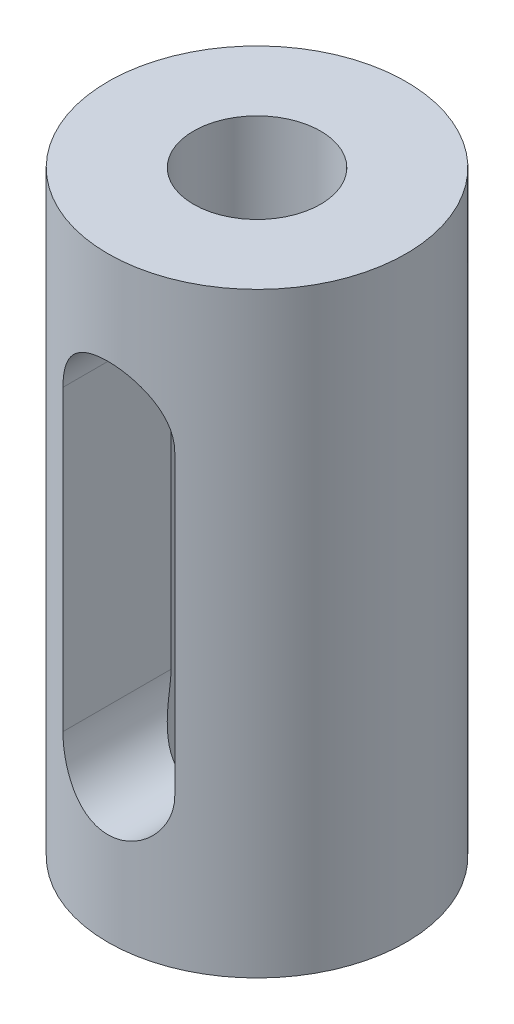
ISO-10303-21;
HEADER;
FILE_DESCRIPTION(('STEP AP214'),'2;1');
FILE_NAME('part.step','',(''),(''),'','','');
FILE_SCHEMA(('AUTOMOTIVE_DESIGN { 1 0 10303 214 1 1 1 1 }'));
ENDSEC;
DATA;
#1=APPLICATION_CONTEXT('core data for automotive mechanical design processes');
#2=APPLICATION_PROTOCOL_DEFINITION('international standard','automotive_design',2000,#1);
#3=PRODUCT_CONTEXT('',#1,'mechanical');
#4=PRODUCT('Part','Part','',(#3));
#5=PRODUCT_RELATED_PRODUCT_CATEGORY('part','',(#4));
#6=PRODUCT_DEFINITION_FORMATION('','',#4);
#7=PRODUCT_DEFINITION_CONTEXT('part definition',#1,'design');
#8=PRODUCT_DEFINITION('design','',#6,#7);
#9=PRODUCT_DEFINITION_SHAPE('','',#8);
#10=(LENGTH_UNIT() NAMED_UNIT(*) SI_UNIT(.MILLI.,.METRE.));
#11=(NAMED_UNIT(*) PLANE_ANGLE_UNIT() SI_UNIT($,.RADIAN.));
#12=(NAMED_UNIT(*) SI_UNIT($,.STERADIAN.) SOLID_ANGLE_UNIT());
#13=UNCERTAINTY_MEASURE_WITH_UNIT(LENGTH_MEASURE(1.E-05),#10,'distance_accuracy_value','');
#14=(GEOMETRIC_REPRESENTATION_CONTEXT(3) GLOBAL_UNCERTAINTY_ASSIGNED_CONTEXT((#13)) GLOBAL_UNIT_ASSIGNED_CONTEXT((#10,
#11,#12)) REPRESENTATION_CONTEXT('',''));
#15=CARTESIAN_POINT('',(0.,0.,0.));
#16=DIRECTION('',(0.,0.,1.));
#17=DIRECTION('',(1.,0.,0.));
#18=AXIS2_PLACEMENT_3D('',#15,#16,#17);
#19=CARTESIAN_POINT('',(0.,12.7,0.));
#20=DIRECTION('',(0.,-1.,0.));
#21=DIRECTION('',(0.,0.,-1.));
#22=AXIS2_PLACEMENT_3D('',#19,#20,#21);
#23=CYLINDRICAL_SURFACE('',#22,3.175);
#24=DIRECTION('',(0.,-1.,0.));
#25=VECTOR('',#24,1.);
#26=CARTESIAN_POINT('',(-1.190625,12.7,-2.94330377456609));
#27=LINE('',#26,#25);
#28=CARTESIAN_POINT('',(-1.190625,9.525,-2.94330377456609));
#29=VERTEX_POINT('',#28);
#30=CARTESIAN_POINT('',(-1.190625,3.175,-2.94330377456609));
#31=VERTEX_POINT('',#30);
#32=EDGE_CURVE('E166',#29,#31,#27,.T.);
#33=ORIENTED_EDGE('',*,*,#32,.T.);
#34=CARTESIAN_POINT('',(-1.190625,3.175,-2.94330377456609));
#35=CARTESIAN_POINT('',(-1.19062618848073,3.14277967690778,-2.94329995872857));
#36=CARTESIAN_POINT('',(-1.18931625076439,3.11057613112784,-2.94383351554502));
#37=CARTESIAN_POINT('',(-1.18409962328059,3.04642477238517,-2.94593703117006));
#38=CARTESIAN_POINT('',(-1.18019380538843,3.01447687720228,-2.94750664199916));
#39=CARTESIAN_POINT('',(-1.16466526629548,2.91959727251809,-2.95369436887438));
#40=CARTESIAN_POINT('',(-1.14923092772087,2.85734151969469,-2.95979205795841));
#41=CARTESIAN_POINT('',(-1.10879122478177,2.73655828217862,-2.97517516785815));
#42=CARTESIAN_POINT('',(-1.08379392479305,2.67802770444891,-2.98445790207025));
#43=CARTESIAN_POINT('',(-1.02500190069595,2.56592901845132,-3.00515645633822));
#44=CARTESIAN_POINT('',(-0.99119997623926,2.51236502065264,-3.01657402007336));
#45=CARTESIAN_POINT('',(-0.91397616823413,2.40911703854706,-3.04088474426552));
#46=CARTESIAN_POINT('',(-0.870190267274443,2.35971555113495,-3.05382115655563));
#47=CARTESIAN_POINT('',(-0.775013201823314,2.26875689804242,-3.07935139516824));
#48=CARTESIAN_POINT('',(-0.723620568591073,2.22720125080481,-3.09194515477271));
#49=CARTESIAN_POINT('',(-0.612531890043652,2.15174495493618,-3.11588859526652));
#50=CARTESIAN_POINT('',(-0.552612693952159,2.11815314820732,-3.1271813121393));
#51=CARTESIAN_POINT('',(-0.427476937704532,2.06164504557796,-3.14672690537256));
#52=CARTESIAN_POINT('',(-0.362262363264181,2.03872476946978,-3.15498091485232));
#53=CARTESIAN_POINT('',(-0.231370227719777,2.00520481068537,-3.16721085556145));
#54=CARTESIAN_POINT('',(-0.165833940311951,1.99411638870874,-3.17135594220028));
#55=CARTESIAN_POINT('',(-0.0337072593735775,1.98300879914146,-3.17550811124661));
#56=CARTESIAN_POINT('',(0.0328828035241819,1.98298622578848,-3.17551646682561));
#57=CARTESIAN_POINT('',(0.161721879430094,1.99372680869424,-3.17150165938149));
#58=CARTESIAN_POINT('',(0.224022668288449,2.00395639594589,-3.16767793539666));
#59=CARTESIAN_POINT('',(0.345948219071124,2.03401316519528,-3.15669026926481));
#60=CARTESIAN_POINT('',(0.405572828828377,2.05384089218802,-3.14952613744589));
#61=CARTESIAN_POINT('',(0.521484953024784,2.10277899912289,-3.13243730414583));
#62=CARTESIAN_POINT('',(0.577711250922169,2.13202031123296,-3.12247393335648));
#63=CARTESIAN_POINT('',(0.684598615222709,2.19883992982367,-3.10079480626558));
#64=CARTESIAN_POINT('',(0.735257863666696,2.23642094766869,-3.08907848045636));
#65=CARTESIAN_POINT('',(0.832712013169233,2.32141961062108,-3.06429285419527));
#66=CARTESIAN_POINT('',(0.879108122886126,2.36928373006591,-3.05118449980405));
#67=CARTESIAN_POINT('',(0.963372193449839,2.47220115666236,-3.02563755595115));
#68=CARTESIAN_POINT('',(1.00123680232957,2.5272572761264,-3.01319923119479));
#69=CARTESIAN_POINT('',(1.06813348661141,2.64458293505346,-2.99015045178193));
#70=CARTESIAN_POINT('',(1.09694552938089,2.70698785949868,-2.97958790430647));
#71=CARTESIAN_POINT('',(1.14346922163723,2.836232517962,-2.96204837787692));
#72=CARTESIAN_POINT('',(1.16119952777849,2.90306458766553,-2.95506537616461));
#73=CARTESIAN_POINT('',(1.17887172316472,3.00464618275791,-2.94803692564227));
#74=CARTESIAN_POINT('',(1.18327510053614,3.03855622405695,-2.94626884394537));
#75=CARTESIAN_POINT('',(1.18915107766906,3.10663754216694,-2.94390042682448));
#76=CARTESIAN_POINT('',(1.1906264013445,3.1408085464671,-2.94329900608927));
#77=CARTESIAN_POINT('',(1.190625,3.175,-2.94330377456609));
#78=B_SPLINE_CURVE_WITH_KNOTS('',3,(#34,#35,#36,#37,#38,#39,#40,#41,#42,#43,#44,#45,#46,#47,#48,
#49,#50,#51,#52,#53,#54,#55,#56,#57,#58,#59,#60,#61,#62,#63,#64,#65,#66,#67,#68,#69,#70,#71,#72,
#73,#74,#75,#76,#77),.UNSPECIFIED.,.F.,.F.,(4,2,2,2,2,2,2,2,2,2,2,2,2,2,2,2,2,2,2,2,2,4),(0.,
0.0965973633725355,0.193162299084219,0.38543949501938,0.577554901150598,0.769827913629831,
0.970740592641539,1.171692115472,1.37948621931291,1.58720275906571,1.78596071876867,
1.98465750622697,2.17352376479971,2.36240074870515,2.5540273495621,2.74571634263585,
2.94860657699107,3.151576387038,3.35915405166445,3.56638130093289,3.66897446974835,
3.77147215322594),.UNSPECIFIED.);
#79=CARTESIAN_POINT('',(1.190625,3.175,-2.94330377456609));
#80=VERTEX_POINT('',#79);
#81=EDGE_CURVE('E122',#31,#80,#78,.T.);
#82=ORIENTED_EDGE('',*,*,#81,.T.);
#83=DIRECTION('',(0.,-1.,0.));
#84=VECTOR('',#83,1.);
#85=CARTESIAN_POINT('',(1.190625,12.7,-2.94330377456609));
#86=LINE('',#85,#84);
#87=CARTESIAN_POINT('',(1.190625,9.525,-2.94330377456609));
#88=VERTEX_POINT('',#87);
#89=EDGE_CURVE('E172',#80,#88,#86,.F.);
#90=ORIENTED_EDGE('',*,*,#89,.T.);
#91=CARTESIAN_POINT('',(1.190625,9.525,-2.94330377456609));
#92=CARTESIAN_POINT('',(1.19062618848073,9.55722032309222,-2.94329995872857));
#93=CARTESIAN_POINT('',(1.18931625076439,9.58942386887216,-2.94383351554502));
#94=CARTESIAN_POINT('',(1.18409962328059,9.65357522761483,-2.94593703117006));
#95=CARTESIAN_POINT('',(1.18019380538843,9.68552312279772,-2.94750664199916));
#96=CARTESIAN_POINT('',(1.16466526629548,9.7804027274819,-2.95369436887438));
#97=CARTESIAN_POINT('',(1.14923092772087,9.84265848030531,-2.95979205795841));
#98=CARTESIAN_POINT('',(1.10879122478177,9.96344171782138,-2.97517516785815));
#99=CARTESIAN_POINT('',(1.08379392479305,10.0219722955511,-2.98445790207025));
#100=CARTESIAN_POINT('',(1.02500190069595,10.1340709815487,-3.00515645633822));
#101=CARTESIAN_POINT('',(0.99119997623926,10.1876349793474,-3.01657402007336));
#102=CARTESIAN_POINT('',(0.91397616823413,10.2908829614529,-3.04088474426552));
#103=CARTESIAN_POINT('',(0.870190267274443,10.3402844488651,-3.05382115655563));
#104=CARTESIAN_POINT('',(0.775013201823314,10.4312431019576,-3.07935139516824));
#105=CARTESIAN_POINT('',(0.723620568591073,10.4727987491952,-3.09194515477271));
#106=CARTESIAN_POINT('',(0.612531890043652,10.5482550450638,-3.11588859526652));
#107=CARTESIAN_POINT('',(0.55261269395216,10.5818468517927,-3.1271813121393));
#108=CARTESIAN_POINT('',(0.427476937704532,10.638354954422,-3.14672690537256));
#109=CARTESIAN_POINT('',(0.362262363264181,10.6612752305302,-3.15498091485232));
#110=CARTESIAN_POINT('',(0.231370227719777,10.6947951893146,-3.16721085556145));
#111=CARTESIAN_POINT('',(0.165833940311951,10.7058836112913,-3.17135594220028));
#112=CARTESIAN_POINT('',(0.0337072593735779,10.7169912008585,-3.17550811124661));
#113=CARTESIAN_POINT('',(-0.0328828035241814,10.7170137742115,-3.17551646682561));
#114=CARTESIAN_POINT('',(-0.161721879430094,10.7062731913058,-3.17150165938149));
#115=CARTESIAN_POINT('',(-0.224022668288449,10.6960436040541,-3.16767793539666));
#116=CARTESIAN_POINT('',(-0.345948219071124,10.6659868348047,-3.15669026926481));
#117=CARTESIAN_POINT('',(-0.405572828828377,10.646159107812,-3.14952613744589));
#118=CARTESIAN_POINT('',(-0.521484953024784,10.5972210008771,-3.13243730414583));
#119=CARTESIAN_POINT('',(-0.577711250922168,10.567979688767,-3.12247393335648));
#120=CARTESIAN_POINT('',(-0.684598615222709,10.5011600701763,-3.10079480626558));
#121=CARTESIAN_POINT('',(-0.735257863666696,10.4635790523313,-3.08907848045636));
#122=CARTESIAN_POINT('',(-0.832712013169232,10.3785803893789,-3.06429285419527));
#123=CARTESIAN_POINT('',(-0.879108122886125,10.3307162699341,-3.05118449980405));
#124=CARTESIAN_POINT('',(-0.963372193449838,10.2277988433376,-3.02563755595115));
#125=CARTESIAN_POINT('',(-1.00123680232957,10.1727427238736,-3.01319923119479));
#126=CARTESIAN_POINT('',(-1.06813348661141,10.0554170649465,-2.99015045178193));
#127=CARTESIAN_POINT('',(-1.09694552938089,9.99301214050132,-2.97958790430647));
#128=CARTESIAN_POINT('',(-1.14346922163723,9.86376748203799,-2.96204837787692));
#129=CARTESIAN_POINT('',(-1.16119952777849,9.79693541233447,-2.95506537616461));
#130=CARTESIAN_POINT('',(-1.17887172316472,9.69535381724209,-2.94803692564227));
#131=CARTESIAN_POINT('',(-1.18327510053614,9.66144377594305,-2.94626884394537));
#132=CARTESIAN_POINT('',(-1.18915107766906,9.59336245783306,-2.94390042682448));
#133=CARTESIAN_POINT('',(-1.1906264013445,9.5591914535329,-2.94329900608927));
#134=CARTESIAN_POINT('',(-1.190625,9.525,-2.94330377456609));
#135=B_SPLINE_CURVE_WITH_KNOTS('',3,(#91,#92,#93,#94,#95,#96,#97,#98,#99,#100,#101,#102,#103,
#104,#105,#106,#107,#108,#109,#110,#111,#112,#113,#114,#115,#116,#117,#118,#119,#120,#121,#122,
#123,#124,#125,#126,#127,#128,#129,#130,#131,#132,#133,#134),.UNSPECIFIED.,.F.,.F.,(4,2,2,2,2,2,
2,2,2,2,2,2,2,2,2,2,2,2,2,2,2,4),(0.,0.0965973633725364,0.193162299084221,0.385439495019381,
0.577554901150601,0.769827913629833,0.970740592641542,1.171692115472,1.37948621931292,
1.58720275906572,1.78596071876867,1.98465750622697,2.17352376479971,2.36240074870515,
2.5540273495621,2.74571634263585,2.94860657699107,3.151576387038,3.35915405166445,
3.5663813009329,3.66897446974835,3.77147215322594),.UNSPECIFIED.);
#136=EDGE_CURVE('E178',#88,#29,#135,.T.);
#137=ORIENTED_EDGE('',*,*,#136,.T.);
#138=EDGE_LOOP('',(#33,#82,#90,#137));
#139=FACE_BOUND('',#138,.T.);
#140=DIRECTION('',(0.,-1.,0.));
#141=VECTOR('',#140,1.);
#142=CARTESIAN_POINT('',(1.190625,12.7,2.94330377456609));
#143=LINE('',#142,#141);
#144=CARTESIAN_POINT('',(1.190625,9.525,2.94330377456609));
#145=VERTEX_POINT('',#144);
#146=CARTESIAN_POINT('',(1.190625,3.175,2.94330377456609));
#147=VERTEX_POINT('',#146);
#148=EDGE_CURVE('E175',#145,#147,#143,.T.);
#149=ORIENTED_EDGE('',*,*,#148,.T.);
#150=CARTESIAN_POINT('',(1.190625,3.175,2.94330377456609));
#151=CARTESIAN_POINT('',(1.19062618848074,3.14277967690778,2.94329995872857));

» **Work instructions**: Pictures should not appear; only the lines from the start of the listing above to the line containing "#1=APPLICATION_CONTEXT('core data for", both ends included, are to be repeated exactly.

» **Finished task**:
ISO-10303-21;
HEADER;
FILE_DESCRIPTION(('STEP AP214'),'2;1');
FILE_NAME('part.step','',(''),(''),'','','');
FILE_SCHEMA(('AUTOMOTIVE_DESIGN { 1 0 10303 214 1 1 1 1 }'));
ENDSEC;
DATA;
#1=APPLICATION_CONTEXT('core data for automotive mechanical design processes');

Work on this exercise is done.